Q: How are the current air strikes in Iraq likely to affect defense spending?
A: On August 7, President Obama announced that he had had ordered the US military to conduct air strikes in Iraq against forces of the Islamic State (ISIS) and to distribute aid to refugees from the fighting, but said that he "will not allow the United States to be dragged into another war in Iraq" (New York Times). As currently planned, the action would be most similar to previous small-scale air operations, such as a 1998 action in Iraq or the 2011 conflict in Libya, in which costs have run from the hundreds of million to about $1bn, as shown in Exhibit 1. Relative to monthly Department of Defense outlays in excess of $40bn, such costs would not noticeably change the defense spending picture. In terms of timing, national accounts data on sub-categories of defense spending (in particular missiles) surrounding eleven previous conflicts of this magnitude (shown below in Exhibit 3) suggest that the impact is likely to appear in the initial or following quarter, if it is observable at all.
Military actions can of course be highly unpredictable, and past experience suggests that spending risks are slanted to the upside: as economist William Nordhaus has noted, the costs of past US conflicts were frequently underestimated in advance. Previous medium-scale conflicts, such as those in Bosnia and Kosovo, have seen costs in the $5-$10bn range, while larger wars--shown on the right-hand side of Exhibit 1--have seen dramatically higher costs. As a baseline, however, we do not expect the current air strikes to disrupt the recent downward trend in defense spending. Defense spending has fallen by about one-sixth since 2010Q3 in real terms, shrinking from 5.6% of GDP to 4.4% in 2014Q2.
Q: How large of an impact is the conflict likely to have on oil prices?
A: Oil prices rose to a nine-month high in the days of conflict over the Baiji oil refinery, Iraq's largest. But the increase reversed in the following week without a clear reversal of the situation in Baiji, and most major developments in the conflict with ISIS have not been associated with large daily changes in oil prices, as shown in Exhibit 2. In contrast, larger previous conflicts in Iraq and elsewhere in the Middle East saw much larger swings in oil prices, often with large macroeconomic consequences.
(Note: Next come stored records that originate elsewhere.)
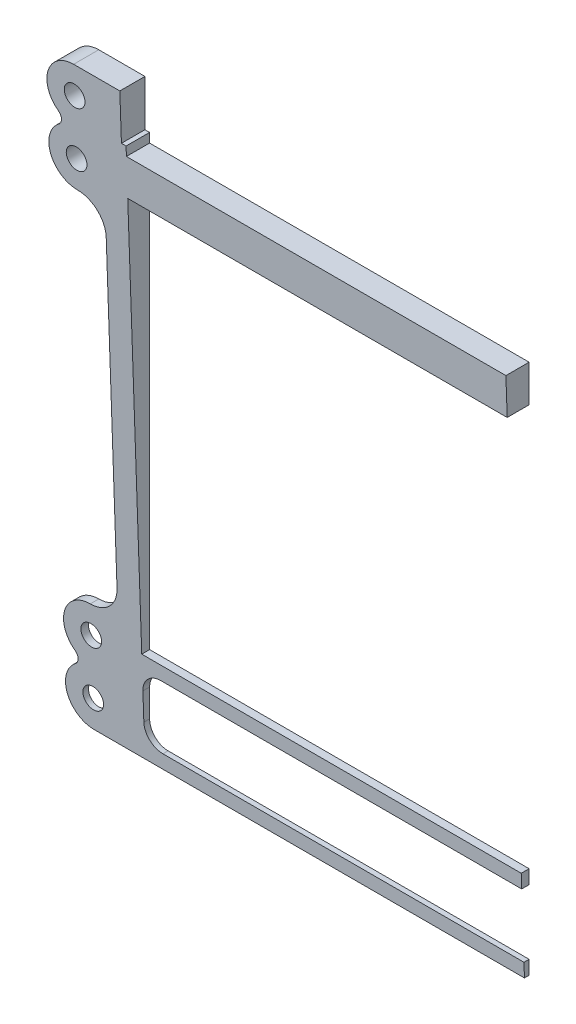
ISO-10303-21;
HEADER;
FILE_DESCRIPTION(('STEP AP214'),'2;1');
FILE_NAME('part.step','',(''),(''),'','','');
FILE_SCHEMA(('AUTOMOTIVE_DESIGN { 1 0 10303 214 1 1 1 1 }'));
ENDSEC;
DATA;
#1=APPLICATION_CONTEXT('core data for automotive mechanical design processes');
#2=APPLICATION_PROTOCOL_DEFINITION('international standard','automotive_design',2000,#1);
#3=PRODUCT_CONTEXT('',#1,'mechanical');
#4=PRODUCT('Part','Part','',(#3));
#5=PRODUCT_RELATED_PRODUCT_CATEGORY('part','',(#4));
#6=PRODUCT_DEFINITION_FORMATION('','',#4);
#7=PRODUCT_DEFINITION_CONTEXT('part definition',#1,'design');
#8=PRODUCT_DEFINITION('design','',#6,#7);
#9=PRODUCT_DEFINITION_SHAPE('','',#8);
#10=(LENGTH_UNIT() NAMED_UNIT(*) SI_UNIT(.MILLI.,.METRE.));
#11=(NAMED_UNIT(*) PLANE_ANGLE_UNIT() SI_UNIT($,.RADIAN.));
#12=(NAMED_UNIT(*) SI_UNIT($,.STERADIAN.) SOLID_ANGLE_UNIT());
#13=UNCERTAINTY_MEASURE_WITH_UNIT(LENGTH_MEASURE(1.E-05),#10,'distance_accuracy_value','');
#14=(GEOMETRIC_REPRESENTATION_CONTEXT(3) GLOBAL_UNCERTAINTY_ASSIGNED_CONTEXT((#13)) GLOBAL_UNIT_ASSIGNED_CONTEXT((#10,
#11,#12)) REPRESENTATION_CONTEXT('',''));
#15=CARTESIAN_POINT('',(0.,0.,0.));
#16=DIRECTION('',(0.,0.,1.));
#17=DIRECTION('',(1.,0.,0.));
#18=AXIS2_PLACEMENT_3D('',#15,#16,#17);
#19=CARTESIAN_POINT('',(0.,9.52500000000004,76.2));
#20=DIRECTION('',(0.,-1.,0.));
#21=DIRECTION('',(1.,0.,0.));
#22=AXIS2_PLACEMENT_3D('',#19,#20,#21);
#23=PLANE('',#22);
#24=DIRECTION('',(1.,0.,0.));
#25=VECTOR('',#24,1.);
#26=CARTESIAN_POINT('',(0.,9.52500000000004,2.70893443136311));
#27=LINE('',#26,#25);
#28=CARTESIAN_POINT('',(-268.897099999997,9.52500000000005,2.7089344313631));
#29=VERTEX_POINT('',#28);
#30=CARTESIAN_POINT('',(-138.423649999999,9.52500000000006,2.7089344313631));
#31=VERTEX_POINT('',#30);
#32=EDGE_CURVE('E233',#29,#31,#27,.T.);
#33=ORIENTED_EDGE('',*,*,#32,.T.);
#34=DIRECTION('',(0.,0.,-1.));
#35=VECTOR('',#34,1.);
#36=CARTESIAN_POINT('',(-138.423649999999,9.52500000000004,76.2));
#37=LINE('',#36,#35);
#38=CARTESIAN_POINT('',(-138.423649999999,9.52500000000005,0.));
#39=VERTEX_POINT('',#38);
#40=EDGE_CURVE('E803',#31,#39,#37,.T.);
#41=ORIENTED_EDGE('',*,*,#40,.T.);
#42=DIRECTION('',(-1.,0.,0.));
#43=VECTOR('',#42,1.);
#44=CARTESIAN_POINT('',(0.,9.52500000000004,0.));
#45=LINE('',#44,#43);
#46=CARTESIAN_POINT('',(-268.897099999997,9.52500000000005,0.));
#47=VERTEX_POINT('',#46);
#48=EDGE_CURVE('E300',#39,#47,#45,.T.);
#49=ORIENTED_EDGE('',*,*,#48,.T.);
#50=DIRECTION('',(0.,0.,-1.));
#51=VECTOR('',#50,1.);
#52=CARTESIAN_POINT('',(-268.897099999997,9.52500000000005,76.2));
#53=LINE('',#52,#51);
#54=EDGE_CURVE('E321',#29,#47,#53,.T.);
#55=ORIENTED_EDGE('',*,*,#54,.F.);
#56=EDGE_LOOP('',(#33,#41,#49,#55));
#57=FACE_BOUND('',#56,.T.);
#58=ADVANCED_FACE('F34',(#57),#23,.F.);
#59=CARTESIAN_POINT('',(-268.897099999997,0.,76.2));
#60=DIRECTION('',(-1.,0.,0.));
#61=DIRECTION('',(0.,0.,1.));
#62=AXIS2_PLACEMENT_3D('',#59,#60,#61);
#63=PLANE('',#62);
#64=DIRECTION('',(0.,0.,-1.));
#65=VECTOR('',#64,1.);
#66=CARTESIAN_POINT('',(-268.897099999997,147.6502,76.2));
#67=LINE('',#66,#65);
#68=CARTESIAN_POINT('',(-268.897099999997,147.6502,7.53237270156516));
#69=VERTEX_POINT('',#68);
#70=CARTESIAN_POINT('',(-268.897099999997,147.6502,0.));
#71=VERTEX_POINT('',#70);
#72=EDGE_CURVE('E319',#69,#71,#67,.T.);
#73=ORIENTED_EDGE('',*,*,#72,.F.);
#74=DIRECTION('',(0.,-0.999390827019096,-0.0348994967025044));
#75=VECTOR('',#74,1.);
#76=CARTESIAN_POINT('',(-268.897099999997,2.57484000352105,2.46622949619527));
#77=LINE('',#76,#75);
#78=EDGE_CURVE('E229',#69,#29,#77,.T.);
#79=ORIENTED_EDGE('',*,*,#78,.T.);
#80=ORIENTED_EDGE('',*,*,#54,.T.);
#81=DIRECTION('',(0.,1.,0.));
#82=VECTOR('',#81,1.);
#83=CARTESIAN_POINT('',(-268.897099999997,0.,0.));
#84=LINE('',#83,#82);
#85=EDGE_CURVE('E302',#47,#71,#84,.T.);
#86=ORIENTED_EDGE('',*,*,#85,.T.);
#87=EDGE_LOOP('',(#73,#79,#80,#86));
#88=FACE_BOUND('',#87,.T.);
#89=ADVANCED_FACE('F477',(#88),#63,.F.);
#90=CARTESIAN_POINT('',(0.,-22.225,76.2));
#91=DIRECTION('',(0.,1.,0.));
#92=DIRECTION('',(0.,0.,1.));
#93=AXIS2_PLACEMENT_3D('',#90,#91,#92);
#94=PLANE('',#93);
#95=DIRECTION('',(1.,0.,0.));
#96=VECTOR('',#95,1.);
#97=CARTESIAN_POINT('',(0.,-22.225,0.));
#98=LINE('',#97,#96);
#99=CARTESIAN_POINT('',(-286.359599999998,-22.225,0.));
#100=VERTEX_POINT('',#99);
#101=CARTESIAN_POINT('',(-138.423649999999,-22.225,0.));
#102=VERTEX_POINT('',#101);
#103=EDGE_CURVE('E264',#100,#102,#98,.T.);
#104=ORIENTED_EDGE('',*,*,#103,.T.);
#105=DIRECTION('',(0.,0.,1.));
#106=VECTOR('',#105,1.);
#107=CARTESIAN_POINT('',(-138.423649999999,-22.225,76.2));
#108=LINE('',#107,#106);
#109=CARTESIAN_POINT('',(-138.423649999999,-22.225,1.6002));
#110=VERTEX_POINT('',#109);
#111=EDGE_CURVE('E811',#102,#110,#108,.T.);
#112=ORIENTED_EDGE('',*,*,#111,.T.);
#113=DIRECTION('',(-1.,0.,0.));
#114=VECTOR('',#113,1.);
#115=CARTESIAN_POINT('',(19.0500000000025,-22.225,1.6002));
#116=LINE('',#115,#114);
#117=CARTESIAN_POINT('',(-286.359599999998,-22.225,1.6002));
#118=VERTEX_POINT('',#117);
#119=EDGE_CURVE('E418',#110,#118,#116,.T.);
#120=ORIENTED_EDGE('',*,*,#119,.T.);
#121=DIRECTION('',(0.,0.,-1.));
#122=VECTOR('',#121,1.);
#123=CARTESIAN_POINT('',(-286.359599999998,-22.225,76.2));
#124=LINE('',#123,#122);
#125=EDGE_CURVE('E318',#118,#100,#124,.T.);
#126=ORIENTED_EDGE('',*,*,#125,.T.);
#127=EDGE_LOOP('',(#104,#112,#120,#126));
#128=FACE_BOUND('',#127,.T.);
#129=ADVANCED_FACE('F470',(#128),#94,.F.);
#130=CARTESIAN_POINT('',(0.,160.3502,76.2));
#131=DIRECTION('',(0.,-1.,0.));
#132=DIRECTION('',(0.,0.,-1.));
#133=AXIS2_PLACEMENT_3D('',#130,#131,#132);
#134=PLANE('',#133);
#135=DIRECTION('',(1.,0.,0.));
#136=VECTOR('',#135,1.);
#137=CARTESIAN_POINT('',(0.,160.3502,7.97586647411037));
#138=LINE('',#137,#136);
#139=CARTESIAN_POINT('',(-268.909799999999,160.3502,7.97586647411037));
#140=VERTEX_POINT('',#139);
#141=CARTESIAN_POINT('',(-138.423649999999,160.3502,7.97586647411037));
#142=VERTEX_POINT('',#141);
#143=EDGE_CURVE('E262',#140,#142,#138,.T.);
#144=ORIENTED_EDGE('',*,*,#143,.T.);
#145=DIRECTION('',(0.,0.,-1.));
#146=VECTOR('',#145,1.);
#147=CARTESIAN_POINT('',(-138.423649999999,160.3502,76.2));
#148=LINE('',#147,#146);
#149=CARTESIAN_POINT('',(-138.423649999999,160.3502,0.));
#150=VERTEX_POINT('',#149);
#151=EDGE_CURVE('E49',#142,#150,#148,.T.);
#152=ORIENTED_EDGE('',*,*,#151,.T.);
#153=DIRECTION('',(-1.,0.,0.));
#154=VECTOR('',#153,1.);
#155=CARTESIAN_POINT('',(0.,160.3502,0.));
#156=LINE('',#155,#154);
#157=CARTESIAN_POINT('',(-268.909799999999,160.3502,0.));
#158=VERTEX_POINT('',#157);
#159=EDGE_CURVE('E267',#150,#158,#156,.T.);
#160=ORIENTED_EDGE('',*,*,#159,.T.);
#161=DIRECTION('',(0.,0.,-1.));
#162=VECTOR('',#161,1.);
#163=CARTESIAN_POINT('',(-268.909799999999,160.3502,76.2));
#164=LINE('',#163,#162);
#165=EDGE_CURVE('E322',#140,#158,#164,.T.);
#166=ORIENTED_EDGE('',*,*,#165,.F.);
#167=EDGE_LOOP('',(#144,#152,#160,#166));
#168=FACE_BOUND('',#167,.T.);
#169=ADVANCED_FACE('F468',(#168),#134,.F.);
#170=CARTESIAN_POINT('',(-268.909799999999,0.,76.2));
#171=DIRECTION('',(-1.,0.,0.));
#172=DIRECTION('',(0.,0.,1.));
#173=AXIS2_PLACEMENT_3D('',#170,#171,#172);
#174=PLANE('',#173);
#175=DIRECTION('',(0.,0.,-1.));
#176=VECTOR('',#175,1.);
#177=CARTESIAN_POINT('',(-268.909799999999,163.5252,76.2));
#178=LINE('',#177,#176);
#179=CARTESIAN_POINT('',(-268.909799999999,163.5252,8.08673991724669));
#180=VERTEX_POINT('',#179);
#181=CARTESIAN_POINT('',(-268.909799999999,163.5252,0.));
#182=VERTEX_POINT('',#181);
#183=EDGE_CURVE('E343',#180,#182,#178,.T.);
#184=ORIENTED_EDGE('',*,*,#183,.F.);
#185=DIRECTION('',(0.,-0.999390827019096,-0.0348994967025044));
#186=VECTOR('',#185,1.);
#187=CARTESIAN_POINT('',(-268.909799999999,2.57484000352105,2.46622949619527));
#188=LINE('',#187,#186);
#189=EDGE_CURVE('E259',#180,#140,#188,.T.);
#190=ORIENTED_EDGE('',*,*,#189,.T.);
#191=ORIENTED_EDGE('',*,*,#165,.T.);
#192=DIRECTION('',(0.,1.,0.));
#193=VECTOR('',#192,1.);
#194=CARTESIAN_POINT('',(-268.909799999999,0.,0.));
#195=LINE('',#194,#193);
#196=EDGE_CURVE('E269',#158,#182,#195,.T.);
#197=ORIENTED_EDGE('',*,*,#196,.T.);
#198=EDGE_LOOP('',(#184,#190,#191,#197));
#199=FACE_BOUND('',#198,.T.);
#200=ADVANCED_FACE('F465',(#199),#174,.F.);
#201=CARTESIAN_POINT('',(0.,163.5252,76.2));
#202=DIRECTION('',(0.,-1.,0.));
#203=DIRECTION('',(0.,0.,-1.));
#204=AXIS2_PLACEMENT_3D('',#201,#202,#203);
#205=PLANE('',#204);
#206=DIRECTION('',(0.,0.,-1.));
#207=VECTOR('',#206,1.);
#208=CARTESIAN_POINT('',(-270.509999999999,163.5252,76.2));
#209=LINE('',#208,#207);
#210=CARTESIAN_POINT('',(-270.509999999999,163.5252,8.08673991724668));
#211=VERTEX_POINT('',#210);
#212=CARTESIAN_POINT('',(-270.509999999999,163.5252,0.));
#213=VERTEX_POINT('',#212);
#214=EDGE_CURVE('E341',#211,#213,#209,.T.);
#215=ORIENTED_EDGE('',*,*,#214,.F.);
#216=DIRECTION('',(1.,0.,0.));
#217=VECTOR('',#216,1.);
#218=CARTESIAN_POINT('',(0.,163.5252,8.08673991724669));
#219=LINE('',#218,#217);
#220=EDGE_CURVE('E256',#211,#180,#219,.T.);
#221=ORIENTED_EDGE('',*,*,#220,.T.);
#222=ORIENTED_EDGE('',*,*,#183,.T.);
#223=DIRECTION('',(-1.,0.,0.));
#224=VECTOR('',#223,1.);
#225=CARTESIAN_POINT('',(0.,163.5252,0.));
#226=LINE('',#225,#224);
#227=EDGE_CURVE('E272',#182,#213,#226,.T.);
#228=ORIENTED_EDGE('',*,*,#227,.T.);
#229=EDGE_LOOP('',(#215,#221,#222,#228));
#230=FACE_BOUND('',#229,.T.);
#231=ADVANCED_FACE('F462',(#230),#205,.F.);
#232=CARTESIAN_POINT('',(-270.509999999999,0.,76.2));
#233=DIRECTION('',(-1.,0.,0.));
#234=DIRECTION('',(0.,0.,1.));
#235=AXIS2_PLACEMENT_3D('',#232,#233,#234);
#236=PLANE('',#235);
#237=DIRECTION('',(0.,0.,-1.));
#238=VECTOR('',#237,1.);
#239=CARTESIAN_POINT('',(-270.509999999999,179.4002,76.2));
#240=LINE('',#239,#238);
#241=CARTESIAN_POINT('',(-270.509999999999,179.4002,8.64110713292823));
#242=VERTEX_POINT('',#241);
#243=CARTESIAN_POINT('',(-270.509999999999,179.4002,0.));
#244=VERTEX_POINT('',#243);
#245=EDGE_CURVE('E339',#242,#244,#240,.T.);
#246=ORIENTED_EDGE('',*,*,#245,.F.);
#247=DIRECTION('',(0.,-0.999390827019096,-0.0348994967025044));
#248=VECTOR('',#247,1.);
#249=CARTESIAN_POINT('',(-270.509999999999,2.57484000352105,2.46622949619527));
#250=LINE('',#249,#248);
#251=EDGE_CURVE('E253',#242,#211,#250,.T.);
#252=ORIENTED_EDGE('',*,*,#251,.T.);
#253=ORIENTED_EDGE('',*,*,#214,.T.);
#254=DIRECTION('',(0.,1.,0.));
#255=VECTOR('',#254,1.);
#256=CARTESIAN_POINT('',(-270.509999999999,0.,0.));
#257=LINE('',#256,#255);
#258=EDGE_CURVE('E275',#213,#244,#257,.T.);
#259=ORIENTED_EDGE('',*,*,#258,.T.);
#260=EDGE_LOOP('',(#246,#252,#253,#259));
#261=FACE_BOUND('',#260,.T.);
#262=ADVANCED_FACE('F459',(#261),#236,.F.);
#263=CARTESIAN_POINT('',(0.,179.4002,76.2));
#264=DIRECTION('',(0.,-1.,0.));
#265=DIRECTION('',(0.,0.,-1.));
#266=AXIS2_PLACEMENT_3D('',#263,#264,#265);
#267=PLANE('',#266);
#268=DIRECTION('',(0.,0.,-1.));
#269=VECTOR('',#268,1.);
#270=CARTESIAN_POINT('',(-286.384999999999,179.4002,76.2));
#271=LINE('',#270,#269);
#272=CARTESIAN_POINT('',(-286.384999999999,179.4002,8.64110713292823));
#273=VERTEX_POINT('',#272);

One reason for the limited reaction recently is that despite its advances in northern and western Iraq, ISIS remains far from the key southern oil fields and export terminals. A second reason is that shale has reduced the vulnerability of oil markets to supply shocks originating in the Middle East.
Q: Are other economic or market impacts likely?
A: The modest impact on defense spending suggests that to be economically important, small-scale conflicts would need to affect either confidence or financial conditions. To gauge the likely impact of the current conflict, we look back at eleven earlier US conflicts of similar magnitude. We find no obvious effect on measures of confidence following the start of US involvement, and only mixed evidence of a flight-to-safety effect in market data (Exhibit 3). One obvious limitation of this analysis is that, in contrast to recent events, most of the other events were not particularly surprising by the time US involvement began.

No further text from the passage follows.